Suppose you and I are writing a book that develops (classical) mathematics from scratch.

In the course of writing this book, we'll need to define a variety of formal systems, like a system for propositional logic, one for predicate logic; a system for PA, and a system for ZFC.

Now. To carry out all this specification with maximal ease, we should probably settle on a convenient specification language for formal systems, right at the outset.

Question. Suppose we're prioritizing practical usability (as opposed to, say, meta-theoretic simplicity). What would be a good specification language for formal systems?

For instance, I've heard of Post Systems.
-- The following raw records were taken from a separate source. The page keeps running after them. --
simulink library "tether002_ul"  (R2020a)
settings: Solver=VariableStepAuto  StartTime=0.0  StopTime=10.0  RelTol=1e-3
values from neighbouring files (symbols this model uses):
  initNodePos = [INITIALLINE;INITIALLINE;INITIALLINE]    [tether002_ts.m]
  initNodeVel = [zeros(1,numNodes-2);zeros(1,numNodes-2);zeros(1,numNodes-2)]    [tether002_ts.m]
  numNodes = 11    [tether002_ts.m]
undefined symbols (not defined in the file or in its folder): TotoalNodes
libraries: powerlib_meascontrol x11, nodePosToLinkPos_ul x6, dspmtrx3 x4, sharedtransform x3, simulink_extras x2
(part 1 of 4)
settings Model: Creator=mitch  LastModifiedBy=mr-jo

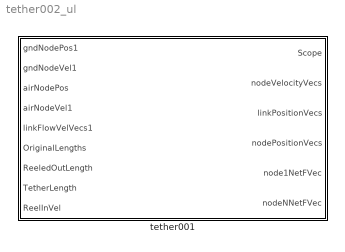
== system tether002_ul ==
  tether001 : Subsystem

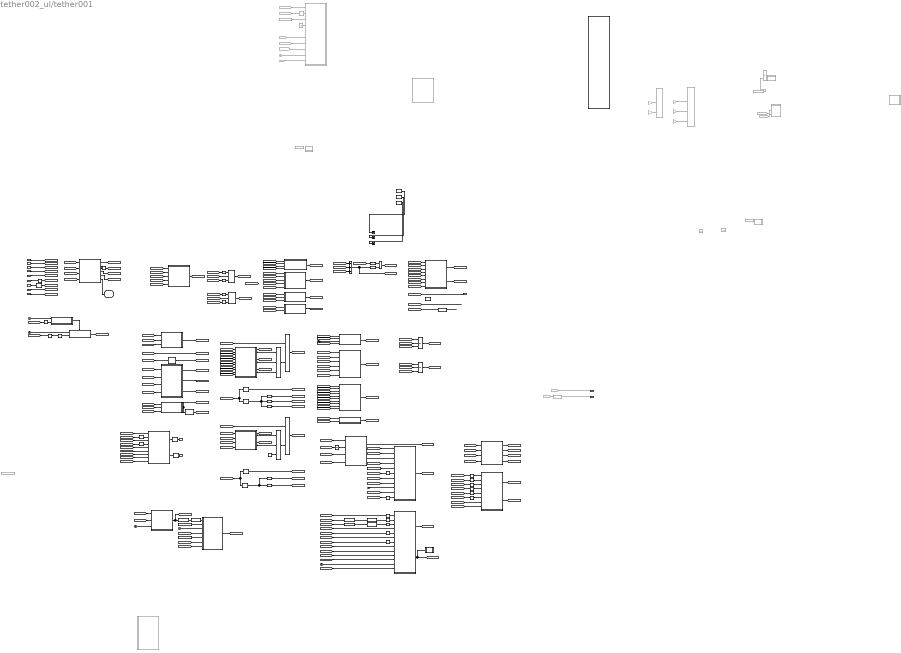
== system tether002_ul/tether001 ==
  note: "Dumbell" Edit
  gndNodePos1 : Inport
  gndNodeVel1 : Inport  Port=2
  airNodePos : Inport  Port=3
  airNodeVel1 : Inport  Port=4
  linkFlowVelVecs1 : Inport  Port=5
  OriginalLengths : Inport  Port=6
  ReeledOutLength : Inport  Port=7
  TetherLength : Inport  Port=8
  ReelInVel : Inport  Port=9
  Add4 : Sum  Inputs=3
  Clock{,1..2,4..7} (7 alike) : Clock
  Clock3 : Clock  Commented=on
  Constant : Constant  Value=0
  Constant1 : Constant  Commented=on  Value=[initNodeVel]
  Constant11 : Constant  Commented=on  Value=[initNodeVel,zeros(3,3)]
  Constant16 : Constant  Value=[initNodeVel,zeros(3,1)]
  Constant2 : Constant  Value=[initNodePos]
  Constant3 : Constant  Value=[numNodes]
  Constant7 : Constant  Commented=on  Value=[initNodePos]
  Direction Cosine Matrix to Rotation Angles : sharedtransform/Direction Cosine Matrix to Rotation Angles  rotationOrder=ZYX  aMode=aMode  action=None  tolerance=eps(2)
      settings: SourceProductBaseCode=AE,PW,MT,VE,VP
  Direction Cosine Matrix to Rotation Angles1 : sharedtransform/Direction Cosine Matrix to Rotation Angles  rotationOrder=ZYX  aMode=aMode  action=None  tolerance=eps(2)
      settings: SourceProductBaseCode=AE,PW,MT,VE,VP
  Direction Cosine Matrix to Rotation Angles2 : sharedtransform/Direction Cosine Matrix to Rotation Angles  rotationOrder=ZYX  aMode=aMode  action=None  tolerance=eps(2)
      settings: SourceProductBaseCode=AE,PW,MT,VE,VP
  First-Order Filter : powerlib_meascontrol/Filters/First-Order Filter  FilterType=Lowpass  Tc=10e-3  Ts=0  Initialize=on  Vac_Init=[0, 0, 60]  Vdc_Init=100  PlotResponse=off  FreqRange="[0,  200,  1]"
  First-Order Filter1 : powerlib_meascontrol/Filters/First-Order Filter  FilterType=Lowpass  Tc=.001  Ts=0  Initialize=on  Vac_Init=[0, 0, 60]  Vdc_Init=0  PlotResponse=off  FreqRange="[0,  200,  1]"
  First-Order Filter{2..4,7..8} (5 alike) : powerlib_meascontrol/Filters/First-Order Filter  FilterType=Lowpass  Tc=1  Ts=0  Initialize=on  Vac_Init=[0, 0, 60]  Vdc_Init=0  PlotResponse=off  FreqRange="[0,  200,  1]"
  First-Order Filter5 : powerlib_meascontrol/Filters/First-Order Filter  FilterType=Lowpass  Tc=10e-3  Ts=0  Initialize=on  Vac_Init=[0, 0, 60]  Vdc_Init=0  PlotResponse=off  FreqRange="[0,  200,  1]"
  First-Order Filter6 : powerlib_meascontrol/Filters/First-Order Filter  FilterType=Lowpass  Tc=10e-3  Ts=0  Initialize=on  Vac_Init=[0, 0, 60]  Vdc_Init=0  PlotResponse=off  FreqRange="[0,  200,  1]"
  From{1,105..106,113} (4 alike) : From  Commented=on  GotoTag=ActiveNodes
  From112 : From  Commented=on  GotoTag=gndNodePos
  From114 : From  Commented=on  GotoTag=OriginalLengths
  From119 : From  Commented=on  GotoTag=Ld
  From161 : From  Commented=on  GotoTag=nodeVel
  From165 : From  Commented=on  GotoTag=nodePos
  From27 : From  Commented=on  GotoTag=o_a_AO_O
  HowManyActive3 : MATLAB Function  TreatAsAtomicUnit=on
  Integrator1 : Integrator  ExternalReset=rising  InitialConditionSource=external
  Integrator8 : Integrator  ExternalReset=rising  InitialConditionSource=external
  Integrator9 : Integrator  Commented=on  InitialConditionSource=external
  MATLAB Function : MATLAB Function  Commented=on  TreatAsAtomicUnit=on
  MATLAB Function1 : MATLAB Function  Commented=on  TreatAsAtomicUnit=on
  MATLAB Function11 : MATLAB Function  Commented=on  TreatAsAtomicUnit=on
  MATLAB Function15 : MATLAB Function  Commented=on  TreatAsAtomicUnit=on
  MATLAB Function2 : MATLAB Function  TreatAsAtomicUnit=on
  MATLAB Function23 : MATLAB Function  TreatAsAtomicUnit=on
  MATLAB Function24 : MATLAB Function  TreatAsAtomicUnit=on
  MATLAB Function25 : MATLAB Function  TreatAsAtomicUnit=on
  MATLAB Function26 : MATLAB Function  Commented=on  TreatAsAtomicUnit=on
  MATLAB Function3 : MATLAB Function  TreatAsAtomicUnit=on
  MATLAB Function34 : MATLAB Function  Commented=on  TreatAsAtomicUnit=on
  MATLAB Function36 : MATLAB Function  TreatAsAtomicUnit=on
  MATLAB Function37 : MATLAB Function  TreatAsAtomicUnit=on
  MATLAB Function38 : MATLAB Function  TreatAsAtomicUnit=on
  MATLAB Function39 : MATLAB Function  TreatAsAtomicUnit=on
  MATLAB Function4 : MATLAB Function  TreatAsAtomicUnit=on
  MATLAB Function40 : MATLAB Function  TreatAsAtomicUnit=on
  MATLAB Function41 : MATLAB Function  TreatAsAtomicUnit=on
  MATLAB Function42 : MATLAB Function  TreatAsAtomicUnit=on
  MATLAB Function43 : MATLAB Function  TreatAsAtomicUnit=on
  MATLAB Function44 : MATLAB Function  TreatAsAtomicUnit=on
  MATLAB Function45 : MATLAB Function  TreatAsAtomicUnit=on
  MATLAB Function46 : MATLAB Function  TreatAsAtomicUnit=on
  MATLAB Function47 : MATLAB Function  TreatAsAtomicUnit=on
  MATLAB Function48 : MATLAB Function  TreatAsAtomicUnit=on
  MATLAB Function49 : MATLAB Function  TreatAsAtomicUnit=on
  MATLAB Function5 : MATLAB Function  TreatAsAtomicUnit=on
  MATLAB Function50 : MATLAB Function  TreatAsAtomicUnit=on
  MATLAB Function51 : MATLAB Function  TreatAsAtomicUnit=on
  MATLAB Function52 : MATLAB Function  TreatAsAtomicUnit=on
  MATLAB Function53 : MATLAB Function  TreatAsAtomicUnit=on
  MATLAB Function6 : MATLAB Function  TreatAsAtomicUnit=on
  MATLAB Function7 : MATLAB Function  Commented=on  TreatAsAtomicUnit=on
  Matrix Concatenate1 : Concatenate  Commented=on  NumInputs=4  Mode=Multidimensional array  ConcatenateDimension=2
  Matrix Concatenate10 : Concatenate  NumInputs=3
  Matrix Concatenate11 : Concatenate  Mode=Multidimensional array  ConcatenateDimension=2
  Matrix Concatenate12 : Concatenate  NumInputs=3  Mode=Multidimensional array  ConcatenateDimension=2
  Matrix Concatenate13 : Concatenate  NumInputs=3  Mode=Multidimensional array  ConcatenateDimension=2
  Matrix Concatenate2 : Concatenate  Commented=on  NumInputs=3  Mode=Multidimensional array  ConcatenateDimension=2
  Matrix Concatenate8 : Concatenate  NumInputs=3
  Matrix Concatenate9 : Concatenate  Mode=Multidimensional array  ConcatenateDimension=2
  Memory{,1..15} (16 alike) : Memory
  Multiply{,1..3,5} (5 alike) : Gain  Commented=on  Gain=[1;1;1]  Multiplication=Matrix(K*u)
  Multiply4 : Product
  Position Reset1 : MATLAB Function  TreatAsAtomicUnit=on
  Position Reset2 : MATLAB Function  Commented=on  TreatAsAtomicUnit=on
  Reshape{31..32,37..38} (4 alike) : Reshape  OutputDimensionality=Column vector (2-D)
  Reshape35 : Reshape  OutputDimensionality=Row vector (2-D)
  Reshape36 : Reshape  OutputDimensionality=Row vector (2-D)
  Selector16 : Selector  NumberOfDimensions=2  InputPortWidth=3  IndexOptions=Index vector (dialog),Index vector (dialog)  Indices=2,1  OutputSizes=1,1
  Selector17 : Selector  NumberOfDimensions=2  InputPortWidth=3  IndexOptions=Index vector (dialog),Index vector (dialog)  Indices=1,1  OutputSizes=1,1
  Selector18 : Selector  NumberOfDimensions=2  InputPortWidth=3  IndexOptions=Select all,Index vector (dialog)  Indices=[1 3],2:numNodes-1  OutputSizes=1,1
  Selector19 : Selector  NumberOfDimensions=2  InputPortWidth=3  IndexOptions=Select all,Index vector (dialog)  Indices=[1 3],2:numNodes-1  OutputSizes=1,1
  Selector20 : Selector  NumberOfDimensions=2  InputPortWidth=1  IndexOptions=Index vector (dialog),Index vector (dialog)  Indices=2,1  OutputSizes=1,1
  Selector21 : Selector  NumberOfDimensions=2  InputPortWidth=1  IndexOptions=Index vector (dialog),Index vector (dialog)  Indices=2,1  OutputSizes=1,1
  Selector22 : Selector  NumberOfDimensions=2  InputPortWidth=3  IndexOptions=Index vector (dialog),Index vector (dialog)  Indices=3,1  OutputSizes=1,1
  Signal Specification : SignalSpecification  Commented=on
  Signal Specification1 : SignalSpecification  Commented=on
  Submatrix1 : dspmtrx3/Submatrix  RowSpan=All rows  RowStartMode=First  RowStartIndex=1  RowEndMode=Last  RowEndIndex=1  ColSpan=Range of columns  ColStartMode=First  ColStartIndex=2  ColEndMode=Index  ColEndIndex=numNodes-2
  Submatrix2 : dspmtrx3/Submatrix  RowSpan=All rows  RowStartMode=First  RowStartIndex=1  RowEndMode=Last  RowEndIndex=1  ColSpan=Range of columns  ColStartMode=Index  ColStartIndex=numNodes-1  ColEndMode=Index  ColEndIndex=numNodes-1
  Submatrix5 : dspmtrx3/Submatrix  RowSpan=All rows  RowStartMode=First  RowStartIndex=1  RowEndMode=Last  RowEndIndex=1  ColSpan=Range of columns  ColStartMode=First  ColStartIndex=2  ColEndMode=Index  ColEndIndex=numNodes-2
  Submatrix6 : dspmtrx3/Submatrix  RowSpan=All rows  RowStartMode=First  RowStartIndex=1  RowEndMode=Last  RowEndIndex=1  ColSpan=Range of columns  ColStartMode=Index  ColStartIndex=numNodes-1  ColEndMode=Index  ColEndIndex=numNodes-1
  Subsystem1 : Subsystem
  Switched derivative for linearization : simulink_extras/Linearization/Switched derivative for linearization  switchVal=1  derivConst=.001
      settings: SourceProductBaseCode=SL
  Switched derivative for linearization1 : simulink_extras/Linearization/Switched derivative for linearization  switchVal=1  derivConst=.001
      settings: SourceProductBaseCode=SL
  Terminator : Terminator
  Terminator1 : Terminator
  Terminator2 : Terminator
  Triggered Subsystem : Subsystem  TreatAsAtomicUnit=on
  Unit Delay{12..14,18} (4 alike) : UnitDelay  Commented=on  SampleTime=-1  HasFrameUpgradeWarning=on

Would these be a good choice?


If you want "practical usability", then I suspect you don't want to look like you're specifying formal systems at all! Instead you want to provide an abstraction layer that looks better resembles the practice and thought process of mathematicians and machinery that can turn them into formal systems "under the hood".

Compare with computer programming; people very rarely write programs with the understanding that it will be turned into assembly language or machine code. Sure, in the back of their mind they usually know it happens, but treat that as being mostly irrelevant to the practice of writing programs.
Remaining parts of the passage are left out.